Scaling SiP accelerators to larger network sizes is limited by the rated output optical power of the laser and the SNR required for a given signal resolution, *n*_{i/p}. MRM-based networks can scale to larger values than their MZM-based counterparts due to the lower loss associated with cascading microrings in a WDM implementation. Incorporating high-power multi-wavelength lasers will be crucial. However, MRR-based networks are more sensitive to temperature and often require temperature control between the photonic IC and the laser. The size of MRR-based networks that have been demonstrated in prototype hardware has been limited to eight modulators^{122} or 16 × 16 switch.^{7} Until larger MRM-based networks are demonstrated in hardware, the adoption of MZM-based networks will continue to be favored.

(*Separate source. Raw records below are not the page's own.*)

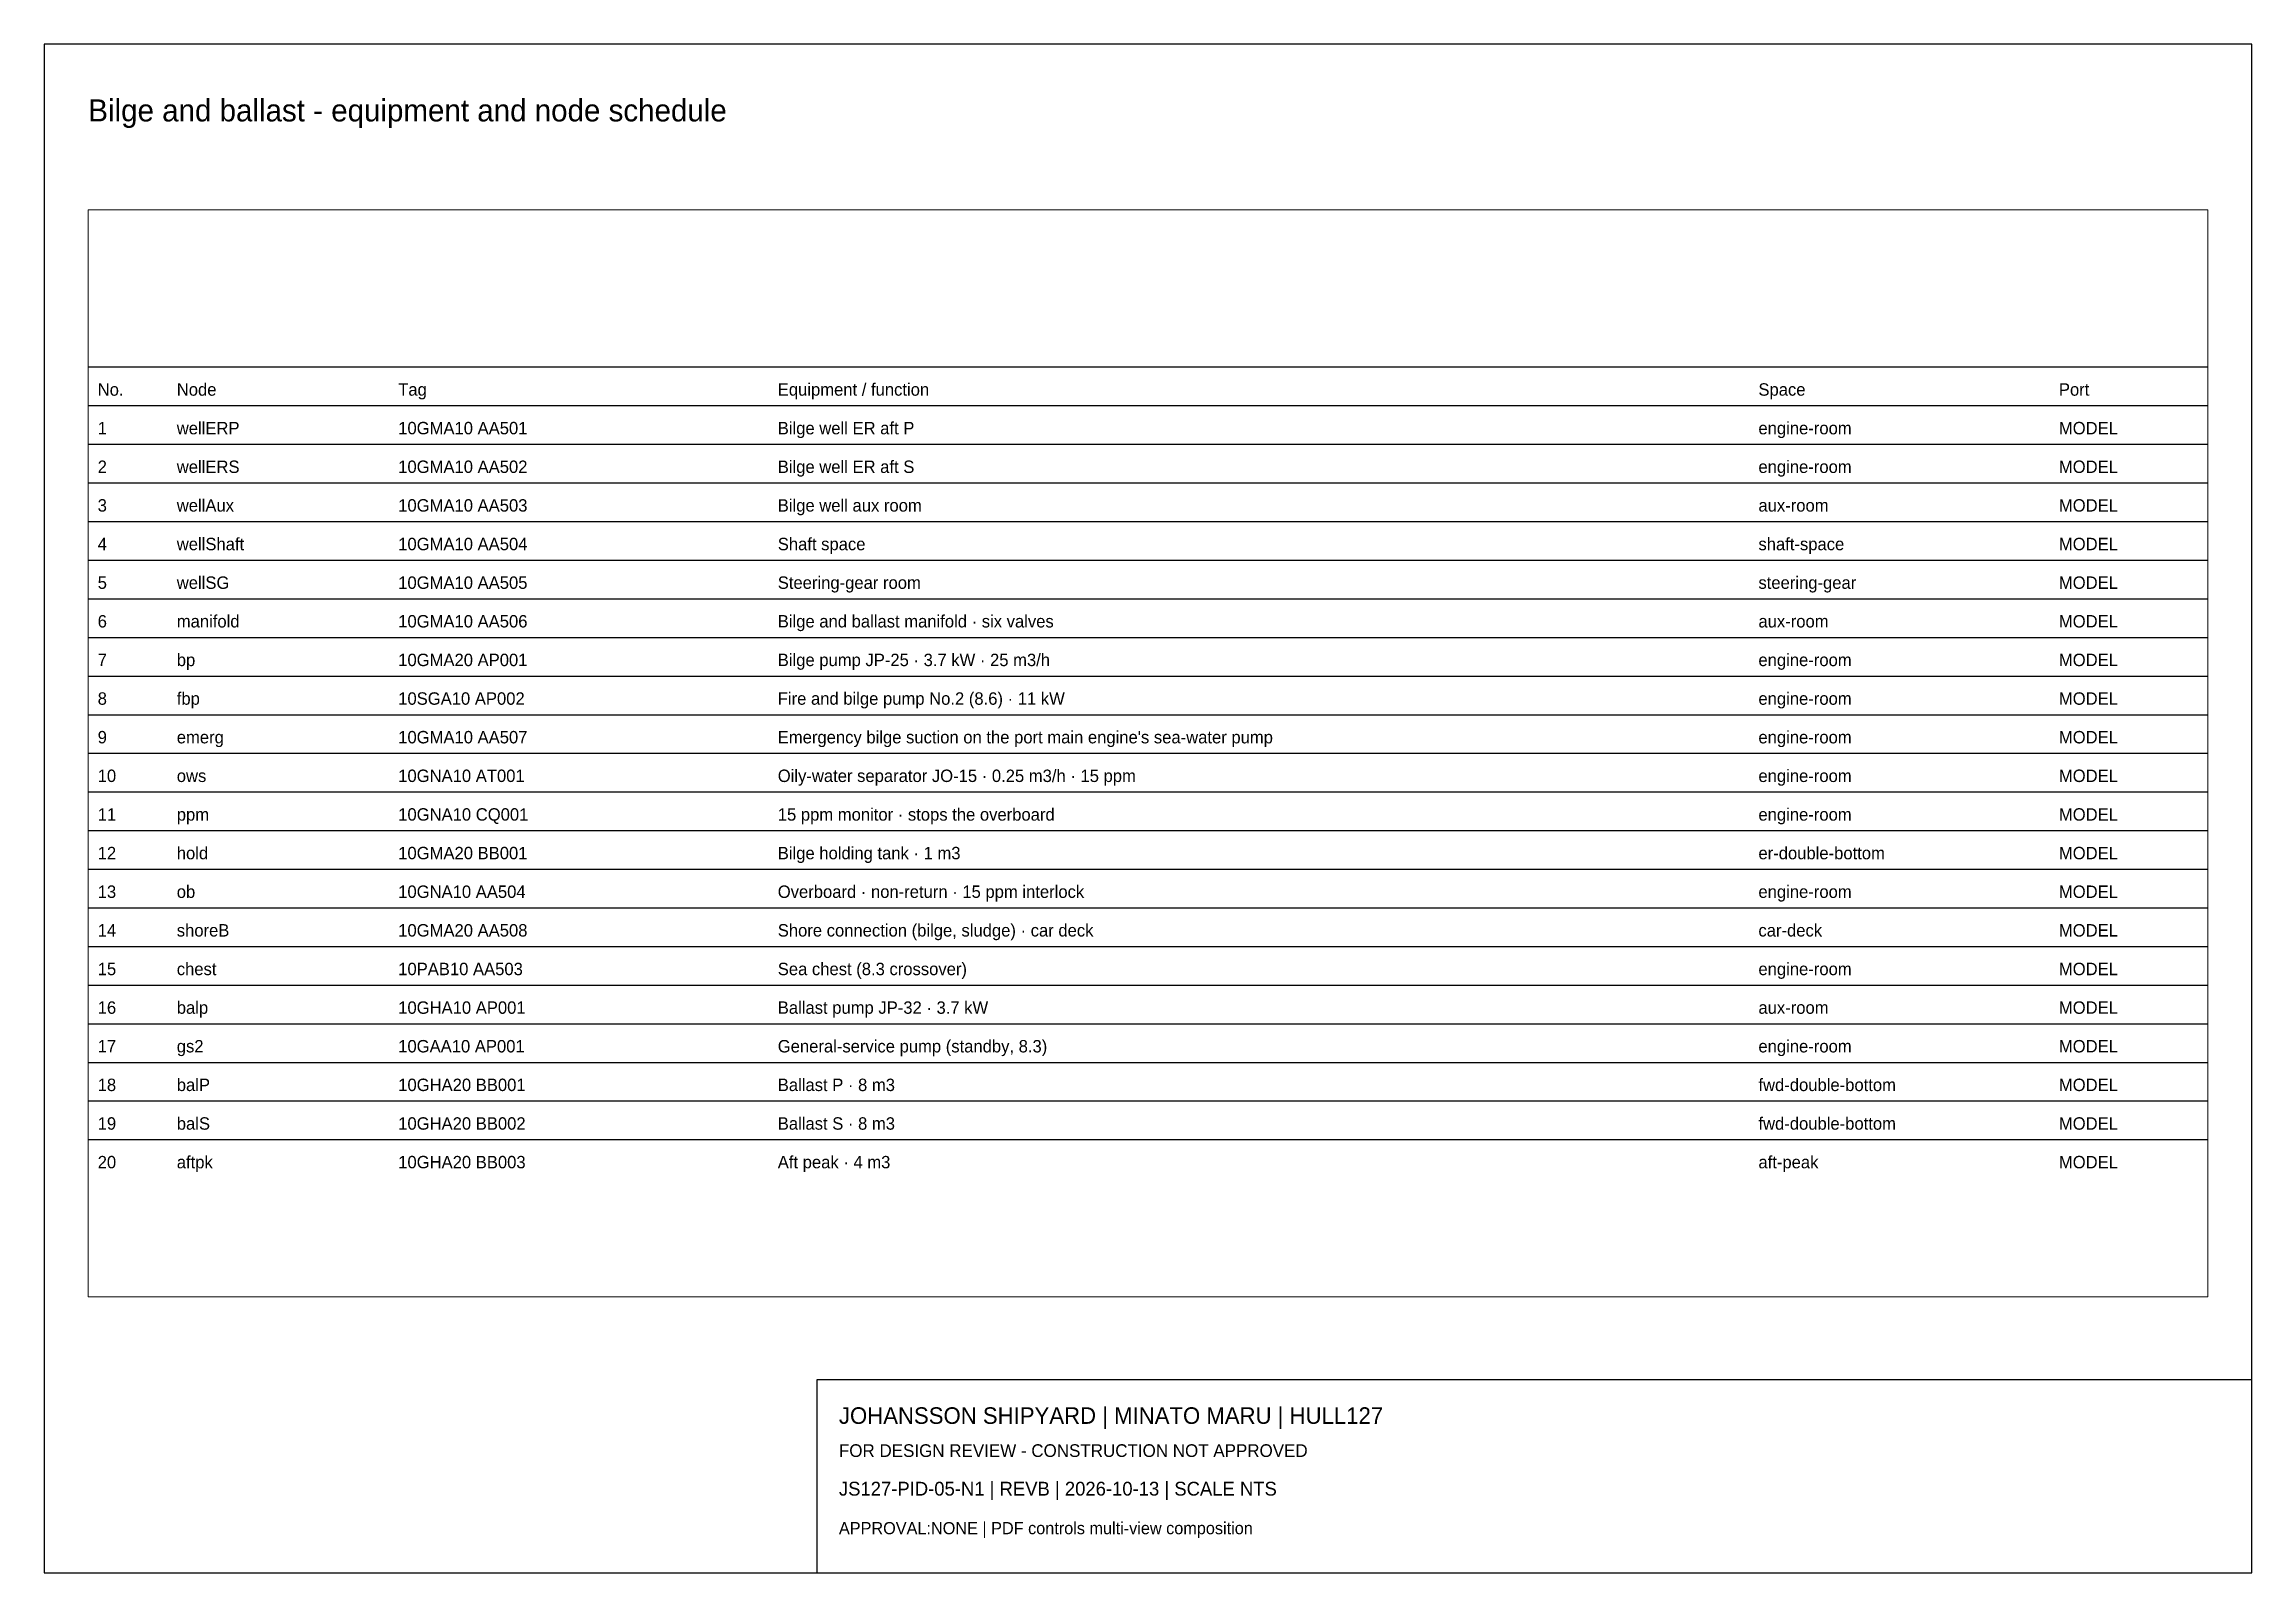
# Paper-space layout 'Layout1' of a CAD drawing. Header units: millimetres. Extents: x 10 to 410, y 10 to 287.
# The model-space entities are those that its viewports show. They can reach past a viewport. Long polylines and large blocks are cut down to what shows.
import ezdxf

# ---------------------------------------------------------------- set-up
doc = ezdxf.new("R2010")
doc.units = ezdxf.units.MM
doc.layers.add('ANNOTATION', color=7, linetype='Continuous')
doc.layers.add('GEOMETRY', color=7, linetype='Continuous')

msp = doc.modelspace()

# ---------------------------------------------------------------- linework, layer by layer
at = {"layer": 'GEOMETRY'}
for p, q in [((18, 249), (402, 249)), ((18, 242), (402, 242)), ((18, 235), (402, 235)), ((18, 228), (402, 228)), ((18, 221), (402, 221)), ((18, 214), (402, 214)), ((18, 207), (402, 207)), ((18, 200), (402, 200)), ((18, 193), (402, 193)), ((18, 186), (402, 186)), ((18, 179), (402, 179)), ((18, 172), (402, 172)), ((18, 165), (402, 165)), ((18, 158), (402, 158)), ((18, 151), (402, 151)), ((18, 144), (402, 144)), ((18, 137), (402, 137)), ((18, 130), (402, 130)), ((18, 123), (402, 123)), ((18, 116), (402, 116)), ((18, 109), (402, 109))]:
    msp.add_line(p, q, dxfattribs=at)

# ---------------------------------------------------------------- texts
at = {"layer": 'ANNOTATION'}
for s, p in [('No.', (19.7, 243.8)), ('Node', (34.03, 243.8)), ('Tag', (74.15, 243.8)), ('Equipment / function', (142.92, 243.8)), ('Space', (320.6, 243.8)), ('Port', (375.04, 243.8)), ('1', (19.7, 236.8)), ('wellERP', (34.03, 236.8)), ('10GMA10 AA501', (74.15, 236.8)), ('Bilge well ER aft P', (142.92, 236.8)), ('engine-room', (320.6, 236.8)), ('MODEL', (375.04, 236.8)), ('2', (19.7, 229.8)), ('wellERS', (34.03, 229.8)), ('10GMA10 AA502', (74.15, 229.8)), ('Bilge well ER aft S', (142.92, 229.8)), ('engine-room', (320.6, 229.8)), ('MODEL', (375.04, 229.8)), ('3', (19.7, 222.8)), ('wellAux', (34.03, 222.8)), ('10GMA10 AA503', (74.15, 222.8)), ('Bilge well aux room', (142.92, 222.8)), ('aux-room', (320.6, 222.8)), ('MODEL', (375.04, 222.8)), ('4', (19.7, 215.8)), ('wellShaft', (34.03, 215.8)), ('10GMA10 AA504', (74.15, 215.8)), ('Shaft space', (142.92, 215.8)), ('shaft-space', (320.6, 215.8)), ('MODEL', (375.04, 215.8)), ('5', (19.7, 208.8)), ('wellSG', (34.03, 208.8)), ('10GMA10 AA505', (74.15, 208.8)), ('Steering-gear room', (142.92, 208.8)), ('steering-gear', (320.6, 208.8)), ('MODEL', (375.04, 208.8)), ('6', (19.7, 201.8)), ('manifold', (34.03, 201.8)), ('10GMA10 AA506', (74.15, 201.8)), ('Bilge and ballast manifold · six valves', (142.92, 201.8)), ('MODEL', (375.04, 201.8)), ('aux-room', (320.6, 201.8)), ('7', (19.7, 194.8)), ('bp', (34.03, 194.8)), ('10GMA20 AP001', (74.15, 194.8)), ('Bilge pump JP-25 · 3.7 kW · 25 m3/h', (142.92, 194.8)), ('engine-room', (320.6, 194.8)), ('MODEL', (375.04, 194.8)), ('8', (19.7, 187.8)), ('fbp', (34.03, 187.8)), ('10SGA10 AP002', (74.15, 187.8)), ('Fire and bilge pump No.2 (8.6) · 11 kW', (142.92, 187.8)), ('engine-room', (320.6, 187.8)), ('MODEL', (375.04, 187.8)), ('9', (19.7, 180.8)), ('emerg', (34.03, 180.8)), ('10GMA10 AA507', (74.15, 180.8)), ("Emergency bilge suction on the port main engine's sea-water pump", (142.92, 180.8)), ('engine-room', (320.6, 180.8)), ('MODEL', (375.04, 180.8)), ('10', (19.7, 173.8)), ('10GNA10 AT001', (74.15, 173.8)), ('Oily-water separator JO-15 · 0.25 m3/h · 15 ppm', (142.92, 173.8)), ('engine-room', (320.6, 173.8)), ('MODEL', (375.04, 173.8)), ('ows', (34.03, 173.8)), ('11', (19.7, 166.8)), ('ppm', (34.03, 166.8)), ('10GNA10 CQ001', (74.15, 166.8)), ('15 ppm monitor · stops the overboard', (142.92, 166.8)), ('engine-room', (320.6, 166.8)), ('MODEL', (375.04, 166.8)), ('12', (19.7, 159.8)), ('hold', (34.03, 159.8)), ('10GMA20 BB001', (74.15, 159.8)), ('Bilge holding tank · 1 m3', (142.92, 159.8)), ('er-double-bottom', (320.6, 159.8)), ('MODEL', (375.04, 159.8)), ('13', (19.7, 152.8)), ('ob', (34.03, 152.8)), ('10GNA10 AA504', (74.15, 152.8)), ('Overboard · non-return · 15 ppm interlock', (142.92, 152.8)), ('engine-room', (320.6, 152.8)), ('MODEL', (375.04, 152.8)), ('14', (19.7, 145.8)), ('shoreB', (34.03, 145.8)), ('10GMA20 AA508', (74.15, 145.8)), ('Shore connection (bilge, sludge) · car deck', (142.92, 145.8)), ('car-deck', (320.6, 145.8)), ('MODEL', (375.04, 145.8)), ('15', (19.7, 138.8)), ('chest', (34.03, 138.8)), ('10PAB10 AA503', (74.15, 138.8)), ('Sea chest (8.3 crossover)', (142.92, 138.8)), ('engine-room', (320.6, 138.8)), ('MODEL', (375.04, 138.8)), ('16', (19.7, 131.8)), ('balp', (34.03, 131.8)), ('10GHA10 AP001', (74.15, 131.8)), ('Ballast pump JP-32 · 3.7 kW', (142.92, 131.8)), ('aux-room', (320.6, 131.8)), ('MODEL', (375.04, 131.8)), ('17', (19.7, 124.8)), ('gs2', (34.03, 124.8)), ('10GAA10 AP001', (74.15, 124.8)), ('General-service pump (standby, 8.3)', (142.92, 124.8)), ('engine-room', (320.6, 124.8)), ('MODEL', (375.04, 124.8)), ('18', (19.7, 117.8)), ('balP', (34.03, 117.8)), ('10GHA20 BB001', (74.15, 117.8)), ('Ballast P · 8 m3', (142.92, 117.8)), ('fwd-double-bottom', (320.6, 117.8)), ('MODEL', (375.04, 117.8)), ('19', (19.7, 110.8)), ('balS', (34.03, 110.8)), ('10GHA20 BB002', (74.15, 110.8)), ('Ballast S · 8 m3', (142.92, 110.8)), ('fwd-double-bottom', (320.6, 110.8)), ('MODEL', (375.04, 110.8)), ('20', (19.7, 103.8)), ('aftpk', (34.03, 103.8)), ('10GHA20 BB003', (74.15, 103.8)), ('Aft peak · 4 m3', (142.92, 103.8)), ('aft-peak', (320.6, 103.8)), ('MODEL', (375.04, 103.8))]:
    msp.add_text(s, height=2.25, dxfattribs=at).set_placement(p)

psp = doc.layouts.get("Layout1")

# ---------------------------------------------------------------- linework, layer by layer
for points in [[(10, 10), (410, 10), (410, 287), (10, 287)], [(150, 10), (410, 10), (410, 45), (150, 45)]]:
    psp.add_lwpolyline(points, close=True)

# ---------------------------------------------------------------- texts
for s, height, p in [('Bilge and ballast - equipment and node schedule', 4, (18, 273)), ('JOHANSSON SHIPYARD | MINATO MARU | HULL127', 3, (154, 37)), ('FOR DESIGN REVIEW - CONSTRUCTION NOT APPROVED', 2.3, (154, 31)), ('JS127-PID-05-N1 | REVB | 2026-10-13 | SCALE NTS', 2.5, (154, 24)), ('APPROVAL:NONE | PDF controls multi-view composition', 2.2, (154, 17))]:
    psp.add_text(s, height=height).set_placement(p)

# ---------------------------------------------------------------- viewports
at = {"layer": 'VIEWPORTS'}
psp.add_viewport(center=(210, 158.5), size=(384, 197), view_center_point=(210, 179), view_height=197, dxfattribs=at)

doc.saveas('drawing.dxf')

Heterogeneous integration of low-noise SOAs in SiP is a possible way to increase the network size, but the high-power consumption of SOAs degrades the energy efficiency significantly. Higher responsivity and low-noise APDs will also prove beneficial in scaling up the network sizes. The size can be further scaled up by reducing the insertion losses of contributors, such as directional couplers and phase shifters (if lossy). The splitters remain a significant limitation for scaling. To make efficient use of the limited optical network sizes, general matrix multiplication (GEMM) algorithms must be adopted.

Enhancing the energy efficiency can be achieved by adopting modulators with low static and dynamic power consumption, high-responsivity APDs along with TIAs with high sensitivity, and efficient SOAs and lasers with high WPE. To better address the need for high resolution, multi-level signaling significantly beyond PAM4 and PAM8 must be implemented. Controlling the temperature of the chip also helps with maintaining high resolution. In addition, the crosstalk and distortion of SOAs should be further investigated.

## ACKNOWLEDGMENTS

This work was supported by the Natural Sciences and Engineering Research Council of Canada (NSERC). Access to CAD tools and technology is facilitated by CMC Microsystems. The authors would like to thank Dr. Alex Tait of Queen’s University and Avilash Mukherjee of UBC for their technical comments.

## AUTHOR DECLARATIONS

### Conflict of Interest

The authors declare no conflicts of interest.

## DATA AVAILABILITY

The data that support the findings of this study are available within the article.

### APPENDIX: SCALING UP USING SOAs

This section illustrates the feasibility of incorporating SOAs in SiP networks in Mach–Zehnder and microring based implementations. Figures 17 and 18 illustrate the number of SOAs in terms of the network resolution and scale for MZM- and MRM-based implementations, respectively. It can be observed that the resolution at which a SiP network is desired to operate is dependent on the network scale.

It can be inferred that an MZM-based network can support signal resolutions of 4*b* for a network size of *N*_{ltd} = 55 with a single SOA. In comparison, incorporating SOAs into MRM implementations increases the network limited scale to *N*_{ltd} = 94 for *n*_{i/p} = 4*b*, as shown in Fig. 18. The number of SOAs that can be added to a network is limited to 1 or 2.